*Assignment*: Please print every line from the one containing "#288=ORIENTED_EDGE('',*,*,#109,.T.);" through the last line of the records below, exactly as written and nothing more.

*Information shown*:
++++++++

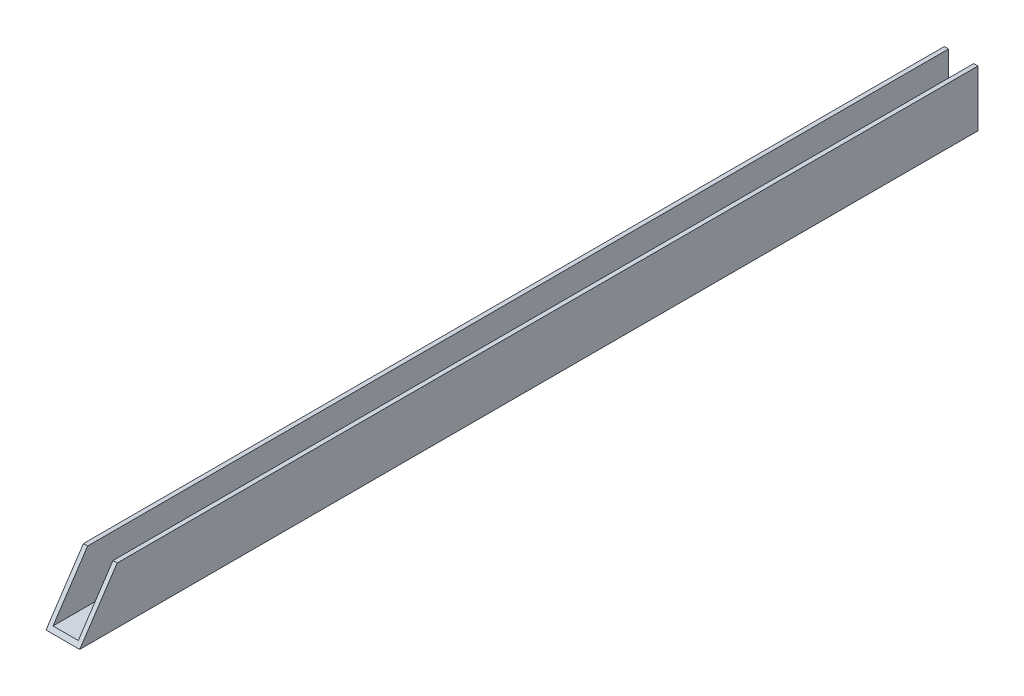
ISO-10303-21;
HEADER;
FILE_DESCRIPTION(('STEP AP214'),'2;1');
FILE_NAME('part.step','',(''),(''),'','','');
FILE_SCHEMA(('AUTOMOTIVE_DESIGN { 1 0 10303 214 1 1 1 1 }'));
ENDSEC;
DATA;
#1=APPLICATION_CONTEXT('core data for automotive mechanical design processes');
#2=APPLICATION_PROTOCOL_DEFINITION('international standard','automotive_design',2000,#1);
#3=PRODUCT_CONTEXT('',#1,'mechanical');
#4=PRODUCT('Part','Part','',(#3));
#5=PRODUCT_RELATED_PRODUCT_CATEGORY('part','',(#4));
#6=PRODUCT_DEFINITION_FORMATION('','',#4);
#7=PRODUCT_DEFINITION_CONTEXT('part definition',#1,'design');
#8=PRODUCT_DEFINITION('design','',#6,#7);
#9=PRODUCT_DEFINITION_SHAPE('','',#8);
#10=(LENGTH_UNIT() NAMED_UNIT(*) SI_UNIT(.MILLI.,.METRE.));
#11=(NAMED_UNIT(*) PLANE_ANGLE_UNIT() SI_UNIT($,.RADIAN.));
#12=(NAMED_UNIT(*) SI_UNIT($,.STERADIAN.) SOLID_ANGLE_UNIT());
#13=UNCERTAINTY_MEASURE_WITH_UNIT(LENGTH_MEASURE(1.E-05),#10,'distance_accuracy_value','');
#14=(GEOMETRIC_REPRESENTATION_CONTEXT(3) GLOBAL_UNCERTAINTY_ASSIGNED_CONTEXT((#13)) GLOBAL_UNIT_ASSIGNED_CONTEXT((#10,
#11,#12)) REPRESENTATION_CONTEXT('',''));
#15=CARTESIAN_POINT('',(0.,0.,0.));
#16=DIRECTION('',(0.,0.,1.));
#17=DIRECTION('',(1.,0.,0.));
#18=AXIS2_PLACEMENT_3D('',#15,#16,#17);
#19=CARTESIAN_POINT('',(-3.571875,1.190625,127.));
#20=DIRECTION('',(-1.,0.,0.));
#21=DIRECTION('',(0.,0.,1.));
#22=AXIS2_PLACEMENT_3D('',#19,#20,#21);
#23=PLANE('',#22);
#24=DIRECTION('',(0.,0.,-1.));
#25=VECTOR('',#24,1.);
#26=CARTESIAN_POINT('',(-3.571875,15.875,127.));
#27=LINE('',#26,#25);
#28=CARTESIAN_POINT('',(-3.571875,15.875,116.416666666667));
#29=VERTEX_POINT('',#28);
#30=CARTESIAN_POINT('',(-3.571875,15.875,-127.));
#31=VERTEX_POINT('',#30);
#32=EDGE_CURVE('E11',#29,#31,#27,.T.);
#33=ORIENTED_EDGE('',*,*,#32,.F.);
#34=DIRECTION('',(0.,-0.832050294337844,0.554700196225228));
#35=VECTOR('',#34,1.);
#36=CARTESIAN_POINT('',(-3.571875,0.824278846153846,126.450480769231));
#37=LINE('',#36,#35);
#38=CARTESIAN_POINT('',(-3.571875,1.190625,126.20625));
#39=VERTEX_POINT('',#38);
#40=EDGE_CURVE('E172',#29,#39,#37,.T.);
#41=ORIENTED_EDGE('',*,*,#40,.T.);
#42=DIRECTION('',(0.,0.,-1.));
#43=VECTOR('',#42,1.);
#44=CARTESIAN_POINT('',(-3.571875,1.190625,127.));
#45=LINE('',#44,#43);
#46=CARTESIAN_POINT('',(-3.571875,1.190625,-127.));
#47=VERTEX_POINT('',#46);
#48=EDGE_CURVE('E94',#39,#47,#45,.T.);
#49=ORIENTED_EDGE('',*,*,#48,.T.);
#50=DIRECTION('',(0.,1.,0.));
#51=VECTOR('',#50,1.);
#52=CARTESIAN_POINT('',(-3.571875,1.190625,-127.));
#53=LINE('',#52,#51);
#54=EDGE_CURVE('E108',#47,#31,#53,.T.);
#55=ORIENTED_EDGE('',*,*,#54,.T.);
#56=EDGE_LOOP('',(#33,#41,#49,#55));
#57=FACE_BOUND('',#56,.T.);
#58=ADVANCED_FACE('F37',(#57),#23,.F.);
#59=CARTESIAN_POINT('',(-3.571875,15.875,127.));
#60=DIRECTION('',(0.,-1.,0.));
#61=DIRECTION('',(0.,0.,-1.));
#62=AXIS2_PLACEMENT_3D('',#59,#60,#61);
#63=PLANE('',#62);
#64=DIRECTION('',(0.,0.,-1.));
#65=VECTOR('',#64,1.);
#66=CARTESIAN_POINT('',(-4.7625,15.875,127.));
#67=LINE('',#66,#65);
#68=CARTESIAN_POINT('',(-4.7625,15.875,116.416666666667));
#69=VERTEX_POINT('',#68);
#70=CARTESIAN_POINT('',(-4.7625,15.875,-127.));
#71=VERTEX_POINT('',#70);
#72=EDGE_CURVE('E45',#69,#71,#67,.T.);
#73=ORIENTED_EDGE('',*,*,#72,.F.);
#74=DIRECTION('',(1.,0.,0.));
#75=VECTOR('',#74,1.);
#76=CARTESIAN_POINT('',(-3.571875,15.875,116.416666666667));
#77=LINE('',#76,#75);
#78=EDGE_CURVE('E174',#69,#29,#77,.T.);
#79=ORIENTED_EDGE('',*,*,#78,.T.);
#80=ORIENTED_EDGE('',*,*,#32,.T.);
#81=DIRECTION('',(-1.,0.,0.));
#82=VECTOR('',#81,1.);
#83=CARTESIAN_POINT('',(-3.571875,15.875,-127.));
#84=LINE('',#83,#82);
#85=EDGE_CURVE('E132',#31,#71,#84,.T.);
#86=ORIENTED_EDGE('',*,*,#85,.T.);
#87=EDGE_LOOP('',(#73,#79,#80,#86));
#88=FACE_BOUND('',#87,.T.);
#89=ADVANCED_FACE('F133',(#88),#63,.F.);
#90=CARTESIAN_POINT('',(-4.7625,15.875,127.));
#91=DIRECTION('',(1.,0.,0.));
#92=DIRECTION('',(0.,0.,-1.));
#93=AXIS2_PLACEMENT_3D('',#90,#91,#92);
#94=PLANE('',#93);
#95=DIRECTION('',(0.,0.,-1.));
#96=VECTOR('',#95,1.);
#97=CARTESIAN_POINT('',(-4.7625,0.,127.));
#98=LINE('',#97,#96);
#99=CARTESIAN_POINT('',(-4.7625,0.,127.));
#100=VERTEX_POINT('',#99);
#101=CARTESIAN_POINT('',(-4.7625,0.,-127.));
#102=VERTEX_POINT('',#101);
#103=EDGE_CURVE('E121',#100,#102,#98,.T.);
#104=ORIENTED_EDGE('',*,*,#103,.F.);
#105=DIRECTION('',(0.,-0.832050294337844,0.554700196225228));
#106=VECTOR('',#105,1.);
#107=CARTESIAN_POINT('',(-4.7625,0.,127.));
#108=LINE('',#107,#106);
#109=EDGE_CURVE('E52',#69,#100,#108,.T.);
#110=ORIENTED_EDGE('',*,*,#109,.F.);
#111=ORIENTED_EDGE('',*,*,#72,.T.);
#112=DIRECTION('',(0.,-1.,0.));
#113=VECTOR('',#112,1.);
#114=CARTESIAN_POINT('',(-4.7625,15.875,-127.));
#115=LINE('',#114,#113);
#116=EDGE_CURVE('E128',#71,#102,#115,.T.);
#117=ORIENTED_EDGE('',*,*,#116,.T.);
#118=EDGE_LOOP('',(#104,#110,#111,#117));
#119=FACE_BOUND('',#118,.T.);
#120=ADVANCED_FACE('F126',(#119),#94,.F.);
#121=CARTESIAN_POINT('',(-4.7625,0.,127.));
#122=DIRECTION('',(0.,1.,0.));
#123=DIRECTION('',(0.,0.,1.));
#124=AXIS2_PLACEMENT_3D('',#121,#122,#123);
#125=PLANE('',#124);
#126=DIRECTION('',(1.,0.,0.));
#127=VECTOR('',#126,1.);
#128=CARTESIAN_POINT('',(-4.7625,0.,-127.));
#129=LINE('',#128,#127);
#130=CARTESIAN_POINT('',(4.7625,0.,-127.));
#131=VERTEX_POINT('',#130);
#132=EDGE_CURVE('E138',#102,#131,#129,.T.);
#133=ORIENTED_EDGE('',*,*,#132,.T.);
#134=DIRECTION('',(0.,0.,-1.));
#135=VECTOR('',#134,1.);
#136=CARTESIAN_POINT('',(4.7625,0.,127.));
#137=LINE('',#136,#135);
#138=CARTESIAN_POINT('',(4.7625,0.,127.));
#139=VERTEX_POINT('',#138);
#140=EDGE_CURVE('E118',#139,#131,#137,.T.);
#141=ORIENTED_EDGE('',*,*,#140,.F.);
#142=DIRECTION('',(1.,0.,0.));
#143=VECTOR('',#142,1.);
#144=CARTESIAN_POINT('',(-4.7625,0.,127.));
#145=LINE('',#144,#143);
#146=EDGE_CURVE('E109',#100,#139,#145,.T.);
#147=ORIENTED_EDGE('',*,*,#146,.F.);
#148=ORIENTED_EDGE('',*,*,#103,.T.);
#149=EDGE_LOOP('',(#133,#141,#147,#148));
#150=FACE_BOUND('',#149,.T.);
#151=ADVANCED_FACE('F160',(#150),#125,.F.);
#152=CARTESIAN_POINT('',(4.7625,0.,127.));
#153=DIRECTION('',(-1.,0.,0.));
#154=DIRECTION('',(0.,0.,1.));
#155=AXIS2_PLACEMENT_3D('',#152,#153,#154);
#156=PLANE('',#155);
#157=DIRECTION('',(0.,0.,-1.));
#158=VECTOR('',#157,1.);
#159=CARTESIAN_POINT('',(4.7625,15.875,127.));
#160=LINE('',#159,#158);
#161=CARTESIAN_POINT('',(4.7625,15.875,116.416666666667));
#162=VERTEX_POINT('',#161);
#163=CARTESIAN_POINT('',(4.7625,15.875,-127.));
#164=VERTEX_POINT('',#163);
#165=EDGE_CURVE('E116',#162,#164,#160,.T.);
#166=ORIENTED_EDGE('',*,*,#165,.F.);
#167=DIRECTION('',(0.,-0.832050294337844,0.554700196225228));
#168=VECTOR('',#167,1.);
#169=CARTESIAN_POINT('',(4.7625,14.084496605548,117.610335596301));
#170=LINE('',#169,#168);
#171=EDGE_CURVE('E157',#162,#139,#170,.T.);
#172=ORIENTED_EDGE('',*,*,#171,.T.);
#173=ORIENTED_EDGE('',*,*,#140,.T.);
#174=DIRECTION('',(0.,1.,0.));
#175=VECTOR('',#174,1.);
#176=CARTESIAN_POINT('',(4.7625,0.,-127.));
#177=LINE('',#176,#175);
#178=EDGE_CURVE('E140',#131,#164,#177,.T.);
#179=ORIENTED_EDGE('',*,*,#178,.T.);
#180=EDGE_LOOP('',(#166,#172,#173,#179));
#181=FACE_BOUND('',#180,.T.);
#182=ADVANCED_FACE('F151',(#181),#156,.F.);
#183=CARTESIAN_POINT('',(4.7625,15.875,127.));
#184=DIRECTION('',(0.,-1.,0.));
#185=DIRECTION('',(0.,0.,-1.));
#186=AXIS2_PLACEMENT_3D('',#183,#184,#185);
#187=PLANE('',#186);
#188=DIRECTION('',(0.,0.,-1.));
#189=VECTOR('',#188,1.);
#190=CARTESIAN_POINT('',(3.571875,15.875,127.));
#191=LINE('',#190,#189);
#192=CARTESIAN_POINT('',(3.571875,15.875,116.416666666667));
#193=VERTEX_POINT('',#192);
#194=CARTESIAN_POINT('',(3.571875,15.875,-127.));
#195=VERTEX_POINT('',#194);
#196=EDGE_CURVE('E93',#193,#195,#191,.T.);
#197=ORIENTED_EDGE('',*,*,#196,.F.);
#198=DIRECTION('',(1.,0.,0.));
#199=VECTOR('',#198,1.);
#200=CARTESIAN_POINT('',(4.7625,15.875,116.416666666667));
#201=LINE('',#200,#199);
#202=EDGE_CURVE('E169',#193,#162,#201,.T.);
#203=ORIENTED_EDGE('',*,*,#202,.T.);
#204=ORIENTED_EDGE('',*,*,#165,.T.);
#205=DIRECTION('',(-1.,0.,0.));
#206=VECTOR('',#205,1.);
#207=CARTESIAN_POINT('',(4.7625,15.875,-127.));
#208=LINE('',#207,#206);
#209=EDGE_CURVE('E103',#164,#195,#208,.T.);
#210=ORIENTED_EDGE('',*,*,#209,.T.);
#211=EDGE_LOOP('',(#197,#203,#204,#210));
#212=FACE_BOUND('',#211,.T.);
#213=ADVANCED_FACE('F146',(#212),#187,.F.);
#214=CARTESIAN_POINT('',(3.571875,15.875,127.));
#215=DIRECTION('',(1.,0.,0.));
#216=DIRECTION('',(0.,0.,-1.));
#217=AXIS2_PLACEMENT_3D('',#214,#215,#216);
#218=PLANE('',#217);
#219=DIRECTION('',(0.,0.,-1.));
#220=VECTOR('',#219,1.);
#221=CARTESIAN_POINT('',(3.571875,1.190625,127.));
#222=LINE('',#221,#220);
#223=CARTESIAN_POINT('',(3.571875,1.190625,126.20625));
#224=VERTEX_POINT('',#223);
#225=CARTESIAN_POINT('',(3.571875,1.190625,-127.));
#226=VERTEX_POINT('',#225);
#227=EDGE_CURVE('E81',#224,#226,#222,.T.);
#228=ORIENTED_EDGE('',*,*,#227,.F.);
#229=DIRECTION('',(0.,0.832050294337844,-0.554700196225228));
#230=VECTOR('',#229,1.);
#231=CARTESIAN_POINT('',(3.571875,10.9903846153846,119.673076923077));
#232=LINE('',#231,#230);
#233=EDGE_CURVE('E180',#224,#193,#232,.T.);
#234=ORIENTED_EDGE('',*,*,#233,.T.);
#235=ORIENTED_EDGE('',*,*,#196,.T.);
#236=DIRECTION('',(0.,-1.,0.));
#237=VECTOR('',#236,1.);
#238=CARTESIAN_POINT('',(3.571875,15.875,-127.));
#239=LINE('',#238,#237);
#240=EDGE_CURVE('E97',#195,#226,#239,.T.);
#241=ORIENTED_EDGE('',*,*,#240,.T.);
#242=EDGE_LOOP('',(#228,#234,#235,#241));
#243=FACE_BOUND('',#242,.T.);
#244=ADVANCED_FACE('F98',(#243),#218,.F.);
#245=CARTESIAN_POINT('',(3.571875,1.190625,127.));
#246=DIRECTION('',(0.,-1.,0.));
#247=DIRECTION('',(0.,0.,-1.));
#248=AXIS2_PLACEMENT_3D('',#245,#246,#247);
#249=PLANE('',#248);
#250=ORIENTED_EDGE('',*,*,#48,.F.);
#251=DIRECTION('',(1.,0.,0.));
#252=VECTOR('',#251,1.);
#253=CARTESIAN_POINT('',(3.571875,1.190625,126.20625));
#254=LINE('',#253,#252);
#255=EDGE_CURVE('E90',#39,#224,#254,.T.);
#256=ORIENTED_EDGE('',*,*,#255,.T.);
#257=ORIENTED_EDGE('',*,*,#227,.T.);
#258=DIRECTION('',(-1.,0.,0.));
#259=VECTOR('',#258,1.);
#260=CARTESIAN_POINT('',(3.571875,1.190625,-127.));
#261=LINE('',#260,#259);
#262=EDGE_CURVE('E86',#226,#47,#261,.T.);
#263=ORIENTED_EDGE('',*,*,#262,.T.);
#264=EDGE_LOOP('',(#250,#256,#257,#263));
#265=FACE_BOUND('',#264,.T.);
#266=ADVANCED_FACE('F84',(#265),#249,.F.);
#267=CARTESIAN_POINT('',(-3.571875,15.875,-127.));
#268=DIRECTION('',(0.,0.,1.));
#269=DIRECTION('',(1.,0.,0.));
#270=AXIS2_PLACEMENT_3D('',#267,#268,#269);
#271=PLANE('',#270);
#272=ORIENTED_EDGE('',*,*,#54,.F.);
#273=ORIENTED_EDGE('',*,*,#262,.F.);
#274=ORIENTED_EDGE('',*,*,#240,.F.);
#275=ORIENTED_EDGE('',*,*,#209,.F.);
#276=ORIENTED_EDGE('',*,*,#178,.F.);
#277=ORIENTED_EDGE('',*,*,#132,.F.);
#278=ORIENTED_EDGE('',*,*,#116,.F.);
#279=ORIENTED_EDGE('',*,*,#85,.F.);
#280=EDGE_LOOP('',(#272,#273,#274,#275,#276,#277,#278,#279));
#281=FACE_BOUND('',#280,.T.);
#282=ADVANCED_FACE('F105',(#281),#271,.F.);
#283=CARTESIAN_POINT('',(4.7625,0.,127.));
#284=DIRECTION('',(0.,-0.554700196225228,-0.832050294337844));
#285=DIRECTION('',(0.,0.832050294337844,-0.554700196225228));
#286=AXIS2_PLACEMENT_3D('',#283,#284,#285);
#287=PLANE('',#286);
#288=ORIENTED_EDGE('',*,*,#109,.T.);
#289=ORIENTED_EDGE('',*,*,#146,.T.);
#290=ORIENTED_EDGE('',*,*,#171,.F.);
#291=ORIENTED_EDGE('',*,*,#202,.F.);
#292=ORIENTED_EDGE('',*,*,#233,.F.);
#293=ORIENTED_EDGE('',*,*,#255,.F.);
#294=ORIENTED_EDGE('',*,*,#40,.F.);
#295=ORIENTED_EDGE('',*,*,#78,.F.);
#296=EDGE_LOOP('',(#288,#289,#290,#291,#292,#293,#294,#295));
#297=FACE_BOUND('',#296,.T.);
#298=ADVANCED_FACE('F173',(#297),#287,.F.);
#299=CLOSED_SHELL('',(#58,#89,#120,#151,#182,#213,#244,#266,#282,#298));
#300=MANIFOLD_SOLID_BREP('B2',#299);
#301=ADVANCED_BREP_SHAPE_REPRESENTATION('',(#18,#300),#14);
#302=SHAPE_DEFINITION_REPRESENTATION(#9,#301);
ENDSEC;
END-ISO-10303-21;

++++++++

*Response*:
#288=ORIENTED_EDGE('',*,*,#109,.T.);
#289=ORIENTED_EDGE('',*,*,#146,.T.);
#290=ORIENTED_EDGE('',*,*,#171,.F.);
#291=ORIENTED_EDGE('',*,*,#202,.F.);
#292=ORIENTED_EDGE('',*,*,#233,.F.);
#293=ORIENTED_EDGE('',*,*,#255,.F.);
#294=ORIENTED_EDGE('',*,*,#40,.F.);
#295=ORIENTED_EDGE('',*,*,#78,.F.);
#296=EDGE_LOOP('',(#288,#289,#290,#291,#292,#293,#294,#295));
#297=FACE_BOUND('',#296,.T.);
#298=ADVANCED_FACE('F173',(#297),#287,.F.);
#299=CLOSED_SHELL('',(#58,#89,#120,#151,#182,#213,#244,#266,#282,#298));
#300=MANIFOLD_SOLID_BREP('B2',#299);
#301=ADVANCED_BREP_SHAPE_REPRESENTATION('',(#18,#300),#14);
#302=SHAPE_DEFINITION_REPRESENTATION(#9,#301);
ENDSEC;
END-ISO-10303-21;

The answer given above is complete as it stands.